This is my final carpe diem post of the year, and I’m writing it with a little less enthusiasm than what this series started out with. The last part of 2015 was full of stress and unpleasant situations. I learned a lot of new lessons, though, albeit tough ones. When I haven’t been consumed with putting out fires and treading water, I’ve been maneuvering through the ruts of life. The mundane routine that comes from working a 9-5 day in and day out, and living in a city where your spare time is dictated by traffic flow and rush hour. I haven’t gone cliff jumping, or surfing, or shooting with fellow IGers lately. I haven’t even seen any sunsets over the ocean as of late.
Someone asked me what I would do differently about my move out west and I had to answer honestly. If I had asked for advice, listened to my intuition and avoided certain circumstances, I would have certainly avoided some rough, expensive lessons. These weren’t even lessons I thought I needed to learn. For as much turmoil as these situations have brought to my life, the lessons haven’t been relative. But, I guess they were important. I learned that not only is it okay to put myself first, but that I need to put myself first. I’d been working on this lesson for quite awhile. It’s why I moved out here in the first place – to make myself happy before anyone else. I’ve finally learned that no matter what, at the end of the day, I’m all I’ve got. Yes, I have a wonderful support system, but it’s up to me to ask for help, and it’s up to me to make any final decisions that affect my life. I now understand that it’s me against the world. Don’t assume people are nice, that they’ll look out for you, that they’ll treat you the way you would treat them. Don’t trust your well being in the hands of someone else. Essentially, watch your back.
The main thing I wish I could do differently is just adjust my expectations.

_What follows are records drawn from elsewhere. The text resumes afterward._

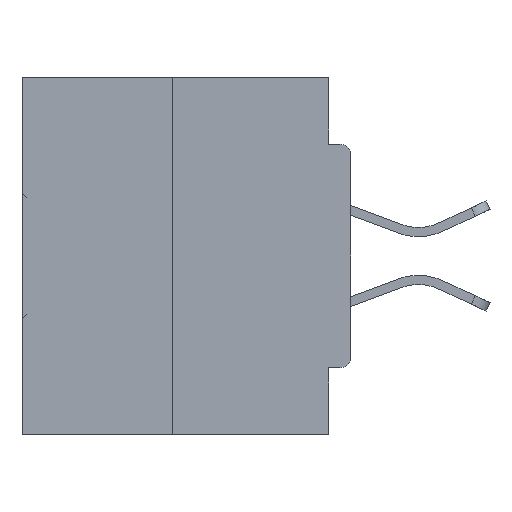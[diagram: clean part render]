
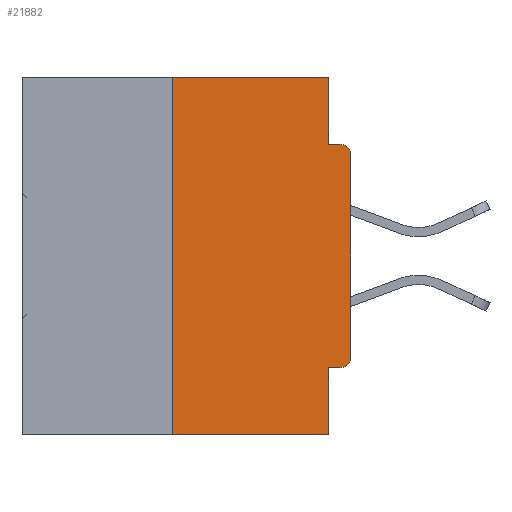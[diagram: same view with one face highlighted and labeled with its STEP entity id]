
A CAD part, left-side view. The second image highlights one B-rep face of the part: STEP entity #21882.
In plain terms, the highlighted planar face has unit normal (-1, 0, 0).
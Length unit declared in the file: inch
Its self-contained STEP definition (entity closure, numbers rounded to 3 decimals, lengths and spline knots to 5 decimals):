
#1042 = ORIENTED_EDGE ( 'NONE', *, *, #7074, .F. ) ;
#1254 = AXIS2_PLACEMENT_3D ( 'NONE', #21966, #39566, #22187 ) ;
#1345 = DIRECTION ( 'NONE',  ( 0., 0., -1. ) ) ;
#1788 = CARTESIAN_POINT ( 'NONE',  ( 0., 0.015, -0.3915 ) ) ;
#3100 = CARTESIAN_POINT ( 'NONE',  ( 0., 0., -0.3915 ) ) ;
#3170 = VERTEX_POINT ( 'NONE', #13977 ) ;
#3278 = VERTEX_POINT ( 'NONE', #38880 ) ;
#4023 = CARTESIAN_POINT ( 'NONE',  ( 0., 0.031, 0. ) ) ;
#4237 = EDGE_CURVE ( 'NONE', #3278, #39994, #40603, .T. ) ;
#4437 = ORIENTED_EDGE ( 'NONE', *, *, #10012, .F. ) ;
#4995 = DIRECTION ( 'NONE',  ( -1., 0., 0. ) ) ;
#5657 = CARTESIAN_POINT ( 'NONE',  ( 0., 0., -0.4065 ) ) ;
#7074 = EDGE_CURVE ( 'NONE', #13530, #27120, #8353, .T. ) ;
#7556 = LINE ( 'NONE', #21963, #12918 ) ;
#8070 = CARTESIAN_POINT ( 'NONE',  ( 0., 0.46, 0. ) ) ;
#8203 = EDGE_CURVE ( 'NONE', #30554, #27120, #20927, .T. ) ;
#8353 = LINE ( 'NONE', #29385, #26702 ) ;
#8997 = CARTESIAN_POINT ( 'NONE',  ( 0., 0.031, 0. ) ) ;
#9252 = DIRECTION ( 'NONE',  ( 0., -1., 0. ) ) ;
#9452 = DIRECTION ( 'NONE',  ( 0., -1., 0. ) ) ;
#9536 = EDGE_CURVE ( 'NONE', #42059, #30554, #37036, .T. ) ;
#9576 = CARTESIAN_POINT ( 'NONE',  ( 0., 0., 0. ) ) ;
#10012 = EDGE_CURVE ( 'NONE', #29940, #13530, #40728, .T. ) ;
#12578 = DIRECTION ( 'NONE',  ( 0., 0., 1. ) ) ;
#12809 = ORIENTED_EDGE ( 'NONE', *, *, #8203, .T. ) ;
#12864 = CIRCLE ( 'NONE', #44270, 0.015 ) ;
#12918 = VECTOR ( 'NONE', #15720, 39.37008 ) ;
#13055 = CARTESIAN_POINT ( 'NONE',  ( 0., 0.031, -0.0935 ) ) ;
#13530 = VERTEX_POINT ( 'NONE', #13055 ) ;
#13977 = CARTESIAN_POINT ( 'NONE',  ( 0., 0.031, -0.5 ) ) ;
#14301 = EDGE_CURVE ( 'NONE', #38805, #3170, #38481, .T. ) ;
#14857 = EDGE_CURVE ( 'NONE', #39994, #3170, #7556, .T. ) ;
#15720 = DIRECTION ( 'NONE',  ( 0., 0., -1. ) ) ;
#15831 = DIRECTION ( 'NONE',  ( 0., 0., 1. ) ) ;
#16116 = CARTESIAN_POINT ( 'NONE',  ( 0., 0.25, 0. ) ) ;
#16859 = VECTOR ( 'NONE', #12578, 39.37008 ) ;
#17918 = ORIENTED_EDGE ( 'NONE', *, *, #14857, .F. ) ;
#18428 = ORIENTED_EDGE ( 'NONE', *, *, #29627, .T. ) ;
#19464 = ORIENTED_EDGE ( 'NONE', *, *, #14301, .T. ) ;
#19572 = VECTOR ( 'NONE', #31631, 39.37008 ) ;
#19942 = DIRECTION ( 'NONE',  ( 0., 0., -1. ) ) ;
#20067 = VERTEX_POINT ( 'NONE', #16116 ) ;
#20927 = CIRCLE ( 'NONE', #1254, 0.015 ) ;
#21519 = ORIENTED_EDGE ( 'NONE', *, *, #4237, .F. ) ;
#21882 = ADVANCED_FACE ( 'NONE', ( #25637 ), #22659, .F. ) ;
#21963 = CARTESIAN_POINT ( 'NONE',  ( 0., 0.031, -0.5 ) ) ;
#21966 = CARTESIAN_POINT ( 'NONE',  ( 0., 0.015, -0.1085 ) ) ;
#22004 = DIRECTION ( 'NONE',  ( 0., 0., -1. ) ) ;
#22162 = CARTESIAN_POINT ( 'NONE',  ( 0., 0.031, -0.4065 ) ) ;
#22187 = DIRECTION ( 'NONE',  ( 0., 0., -1. ) ) ;
#22471 = ORIENTED_EDGE ( 'NONE', *, *, #28672, .F. ) ;
#22659 = PLANE ( 'NONE',  #32941 ) ;
#23101 = EDGE_LOOP ( 'NONE', ( #39320, #22471, #19464, #17918, #21519, #18428, #38122, #12809, #1042, #4437 ) ) ;
#23130 = LINE ( 'NONE', #36424, #42768 ) ;
#25637 = FACE_OUTER_BOUND ( 'NONE', #23101, .T. ) ;
#26595 = VECTOR ( 'NONE', #27100, 39.37008 ) ;
#26702 = VECTOR ( 'NONE', #9452, 39.37008 ) ;
#27100 = DIRECTION ( 'NONE',  ( 0., 1., 0. ) ) ;
#27120 = VERTEX_POINT ( 'NONE', #40996 ) ;
#28489 = LINE ( 'NONE', #42417, #40681 ) ;
#28672 = EDGE_CURVE ( 'NONE', #38805, #20067, #23130, .T. ) ;
#29385 = CARTESIAN_POINT ( 'NONE',  ( 0., 0., -0.0935 ) ) ;
#29627 = EDGE_CURVE ( 'NONE', #3278, #42059, #12864, .T. ) ;
#29940 = VERTEX_POINT ( 'NONE', #4023 ) ;
#30554 = VERTEX_POINT ( 'NONE', #39831 ) ;
#31530 = VECTOR ( 'NONE', #19942, 39.37008 ) ;
#31631 = DIRECTION ( 'NONE',  ( 0., -1., 0. ) ) ;
#32941 = AXIS2_PLACEMENT_3D ( 'NONE', #8070, #43036, #22004 ) ;
#36424 = CARTESIAN_POINT ( 'NONE',  ( 0., 0.25, 0. ) ) ;
#37036 = LINE ( 'NONE', #9576, #16859 ) ;
#38015 = CARTESIAN_POINT ( 'NONE',  ( 0., 0.46, -0.5 ) ) ;
#38122 = ORIENTED_EDGE ( 'NONE', *, *, #9536, .T. ) ;
#38481 = LINE ( 'NONE', #38015, #19572 ) ;
#38805 = VERTEX_POINT ( 'NONE', #40195 ) ;
#38880 = CARTESIAN_POINT ( 'NONE',  ( 0., 0.015, -0.4065 ) ) ;
#39320 = ORIENTED_EDGE ( 'NONE', *, *, #40887, .F. ) ;
#39566 = DIRECTION ( 'NONE',  ( -1., 0., 0. ) ) ;
#39831 = CARTESIAN_POINT ( 'NONE',  ( 0., 0., -0.1085 ) ) ;
#39994 = VERTEX_POINT ( 'NONE', #22162 ) ;
#40195 = CARTESIAN_POINT ( 'NONE',  ( 0., 0.25, -0.5 ) ) ;
#40603 = LINE ( 'NONE', #5657, #26595 ) ;
#40681 = VECTOR ( 'NONE', #9252, 39.37008 ) ;
#40728 = LINE ( 'NONE', #8997, #31530 ) ;
#40887 = EDGE_CURVE ( 'NONE', #20067, #29940, #28489, .T. ) ;
#40996 = CARTESIAN_POINT ( 'NONE',  ( 0., 0.015, -0.0935 ) ) ;
#42059 = VERTEX_POINT ( 'NONE', #3100 ) ;
#42417 = CARTESIAN_POINT ( 'NONE',  ( 0., 0.46, 0. ) ) ;
#42768 = VECTOR ( 'NONE', #15831, 39.37008 ) ;
#43036 = DIRECTION ( 'NONE',  ( 1., 0., 0. ) ) ;
#44270 = AXIS2_PLACEMENT_3D ( 'NONE', #1788, #4995, #1345 ) ;
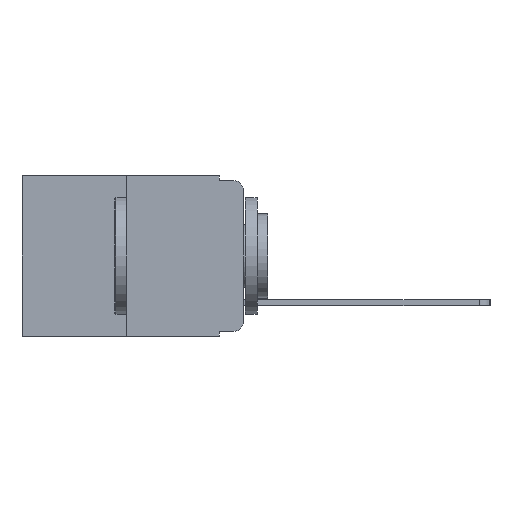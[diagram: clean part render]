
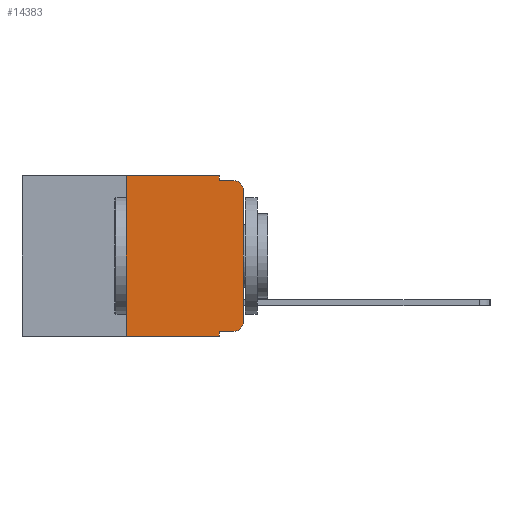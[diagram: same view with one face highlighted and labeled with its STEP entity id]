
A CAD part, left-side view. The second image highlights one B-rep face of the part: STEP entity #14383.
In plain terms, the highlighted planar face has unit normal (-1, 0, 0).
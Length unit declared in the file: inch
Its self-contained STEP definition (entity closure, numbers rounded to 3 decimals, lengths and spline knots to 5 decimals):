
#205 = EDGE_CURVE ( 'NONE', #7232, #4035, #17079, .T. ) ;
#489 = EDGE_CURVE ( 'NONE', #7125, #2593, #15984, .T. ) ;
#736 = ORIENTED_EDGE ( 'NONE', *, *, #16992, .F. ) ;
#770 = ORIENTED_EDGE ( 'NONE', *, *, #489, .T. ) ;
#794 = ORIENTED_EDGE ( 'NONE', *, *, #15134, .F. ) ;
#814 = CARTESIAN_POINT ( 'NONE',  ( 0., 0.25, 0. ) ) ;
#1102 = CARTESIAN_POINT ( 'NONE',  ( 0., 0.051, -0.343 ) ) ;
#1124 = AXIS2_PLACEMENT_3D ( 'NONE', #2922, #12983, #4438 ) ;
#1187 = ORIENTED_EDGE ( 'NONE', *, *, #13388, .F. ) ;
#1210 = AXIS2_PLACEMENT_3D ( 'NONE', #3017, #13074, #4528 ) ;
#1972 = CARTESIAN_POINT ( 'NONE',  ( 0., 0., 0. ) ) ;
#2243 = EDGE_CURVE ( 'NONE', #17773, #4035, #17631, .T. ) ;
#2482 = VERTEX_POINT ( 'NONE', #2819 ) ;
#2493 = ORIENTED_EDGE ( 'NONE', *, *, #13245, .T. ) ;
#2593 = VERTEX_POINT ( 'NONE', #1102 ) ;
#2611 = EDGE_LOOP ( 'NONE', ( #18413, #15796, #16790, #18543, #1187, #736, #770, #794, #2493, #2969 ) ) ;
#2819 = CARTESIAN_POINT ( 'NONE',  ( 0., 0.051, 0. ) ) ;
#2922 = CARTESIAN_POINT ( 'NONE',  ( 0., 0.473, 0. ) ) ;
#2962 = CARTESIAN_POINT ( 'NONE',  ( 0., 0.051, 0. ) ) ;
#2969 = ORIENTED_EDGE ( 'NONE', *, *, #11361, .T. ) ;
#3017 = CARTESIAN_POINT ( 'NONE',  ( 0., 0.02, -0.313 ) ) ;
#3088 = DIRECTION ( 'NONE',  ( 0., 0., 1. ) ) ;
#3256 = EDGE_CURVE ( 'NONE', #7389, #17773, #15736, .T. ) ;
#3260 = CARTESIAN_POINT ( 'NONE',  ( 0., 0.473, 0. ) ) ;
#4035 = VERTEX_POINT ( 'NONE', #16921 ) ;
#4369 = PLANE ( 'NONE',  #1124 ) ;
#4438 = DIRECTION ( 'NONE',  ( 0., 0., -1. ) ) ;
#4523 = CARTESIAN_POINT ( 'NONE',  ( 0., 0.051, -0.01 ) ) ;
#4528 = DIRECTION ( 'NONE',  ( 0., 0., -1. ) ) ;
#5047 = CARTESIAN_POINT ( 'NONE',  ( 0., 0., -0.03 ) ) ;
#5200 = LINE ( 'NONE', #5895, #12305 ) ;
#5306 = DIRECTION ( 'NONE',  ( 0., 0., -1. ) ) ;
#5760 = VERTEX_POINT ( 'NONE', #12642 ) ;
#5895 = CARTESIAN_POINT ( 'NONE',  ( 0., 0.051, -0.333 ) ) ;
#5955 = DIRECTION ( 'NONE',  ( 0., -1., 0. ) ) ;
#6006 = VERTEX_POINT ( 'NONE', #9000 ) ;
#6091 = CARTESIAN_POINT ( 'NONE',  ( 0., 0.25, 0. ) ) ;
#6315 = DIRECTION ( 'NONE',  ( -1., 0., 0. ) ) ;
#6340 = CARTESIAN_POINT ( 'NONE',  ( 0., 0.02, -0.03 ) ) ;
#6341 = VECTOR ( 'NONE', #13320, 39.37008 ) ;
#6708 = LINE ( 'NONE', #6775, #17432 ) ;
#6775 = CARTESIAN_POINT ( 'NONE',  ( 0., 0.051, 0. ) ) ;
#7125 = VERTEX_POINT ( 'NONE', #15643 ) ;
#7232 = VERTEX_POINT ( 'NONE', #4523 ) ;
#7389 = VERTEX_POINT ( 'NONE', #10549 ) ;
#7663 = VECTOR ( 'NONE', #8835, 39.37008 ) ;
#8315 = LINE ( 'NONE', #2962, #7663 ) ;
#8835 = DIRECTION ( 'NONE',  ( 0., 0., -1. ) ) ;
#9000 = CARTESIAN_POINT ( 'NONE',  ( 0., 0.051, -0.333 ) ) ;
#9555 = LINE ( 'NONE', #6091, #16551 ) ;
#10108 = LINE ( 'NONE', #3260, #6341 ) ;
#10549 = CARTESIAN_POINT ( 'NONE',  ( 0., 0., -0.313 ) ) ;
#11361 = EDGE_CURVE ( 'NONE', #5760, #7389, #14901, .T. ) ;
#12222 = DIRECTION ( 'NONE',  ( 0., -1., 0. ) ) ;
#12256 = VECTOR ( 'NONE', #15824, 39.37008 ) ;
#12305 = VECTOR ( 'NONE', #5955, 39.37008 ) ;
#12642 = CARTESIAN_POINT ( 'NONE',  ( 0., 0.02, -0.333 ) ) ;
#12821 = CARTESIAN_POINT ( 'NONE',  ( 0., 0.051, -0.01 ) ) ;
#12983 = DIRECTION ( 'NONE',  ( 1., 0., 0. ) ) ;
#13074 = DIRECTION ( 'NONE',  ( -1., 0., 0. ) ) ;
#13109 = CARTESIAN_POINT ( 'NONE',  ( 0., 0.473, -0.343 ) ) ;
#13245 = EDGE_CURVE ( 'NONE', #6006, #5760, #5200, .T. ) ;
#13320 = DIRECTION ( 'NONE',  ( 0., -1., 0. ) ) ;
#13388 = EDGE_CURVE ( 'NONE', #17905, #2482, #10108, .T. ) ;
#13810 = VECTOR ( 'NONE', #12222, 39.37008 ) ;
#14383 = ADVANCED_FACE ( 'NONE', ( #18511 ), #4369, .F. ) ;
#14901 = CIRCLE ( 'NONE', #1210, 0.02 ) ;
#15134 = EDGE_CURVE ( 'NONE', #6006, #2593, #8315, .T. ) ;
#15189 = DIRECTION ( 'NONE',  ( 0., 0., -1. ) ) ;
#15299 = VECTOR ( 'NONE', #18324, 39.37008 ) ;
#15643 = CARTESIAN_POINT ( 'NONE',  ( 0., 0.25, -0.343 ) ) ;
#15736 = LINE ( 'NONE', #1972, #15299 ) ;
#15796 = ORIENTED_EDGE ( 'NONE', *, *, #2243, .T. ) ;
#15824 = DIRECTION ( 'NONE',  ( 0., -1., 0. ) ) ;
#15984 = LINE ( 'NONE', #13109, #12256 ) ;
#16185 = AXIS2_PLACEMENT_3D ( 'NONE', #6340, #6315, #15189 ) ;
#16551 = VECTOR ( 'NONE', #3088, 39.37008 ) ;
#16790 = ORIENTED_EDGE ( 'NONE', *, *, #205, .F. ) ;
#16921 = CARTESIAN_POINT ( 'NONE',  ( 0., 0.02, -0.01 ) ) ;
#16992 = EDGE_CURVE ( 'NONE', #7125, #17905, #9555, .T. ) ;
#17079 = LINE ( 'NONE', #12821, #13810 ) ;
#17432 = VECTOR ( 'NONE', #5306, 39.37008 ) ;
#17631 = CIRCLE ( 'NONE', #16185, 0.02 ) ;
#17773 = VERTEX_POINT ( 'NONE', #5047 ) ;
#17898 = EDGE_CURVE ( 'NONE', #2482, #7232, #6708, .T. ) ;
#17905 = VERTEX_POINT ( 'NONE', #814 ) ;
#18324 = DIRECTION ( 'NONE',  ( 0., 0., 1. ) ) ;
#18413 = ORIENTED_EDGE ( 'NONE', *, *, #3256, .T. ) ;
#18511 = FACE_OUTER_BOUND ( 'NONE', #2611, .T. ) ;
#18543 = ORIENTED_EDGE ( 'NONE', *, *, #17898, .F. ) ;

I’ve learned that most of what weighs us down, what adds disappointment to our world, is the idea of how it’s supposed to be, how it’s going to turn out. I had visions that everything would just fall into place like it always has. I had visions that this life would be full of adventure and feeling more how I want to feel. I did not anticipate the struggle or the loneliness. I didn’t think the highs would be so short lived. I didn’t think the adjustment would take so long. I didn’t think the weight put on me by others would be so heavy. Those things are all a bit unpleasant to experience in general. But, at least if I hadn’t been prepared for something much better, I could just deal with it all. Instead, I have to first overcome my disappointment and discouragement.
I hate that this final post of the new year is so negative in tone. It really isn’t me. I’m happy, optimistic, inspired, hopeful and tenacious by nature. But I need to be honest about what my life has felt like as of late. And, there’s a positive spin, I promise. I thought each “carpe diem” post would be so exemplary of my wild and free spirit. But somewhere there was a shift. And just because it isn’t what I expected, it is something new, and it’s something important. These new tides of my life are awakening me to my brave, warrior soul. Who knew? Didn’t think that was a thing I needed to realize. But if I hadn’t moved out here, if I hadn’t made poor decisions about where to live, I never would have realized the strength of my spirit. I wanted to grow emotionally, I wanted to sit in the discomfort and let it mold and shape me into a deeper person. I wanted to do the work. And the universe definitely delivered, as she always does. I am clinging to the hopeful knowledge that these growing pains will be rewarded.
I’m grateful for the personal development work I’ve done over the past 2 years. It has surely helped me navigate this past year with a certain grace and dedication I would never have come close to before. I’m also grateful for the fact that my development is constant and ever flowing. I trust that every adversity will give me the opportunity to hone my understanding of the process. There’s something to be said about the lessons learned by sitting in the discomfort, accepting the struggle, facing the fear, and conquering a challenge. But there’s a fine line. I can’t let it turn me into a victim, or become disheartened, or bitter. I don’t want to be stagnant and defeated. There comes a time when you outgrow the situation. You become so uncomfortable that you have to make a move. That’s where I’m setting my expectations for 2016. To use the highs and lows of 2015 as motivation and inspiration to make positive changes where I can and, where I can’t, to just keep moving forward.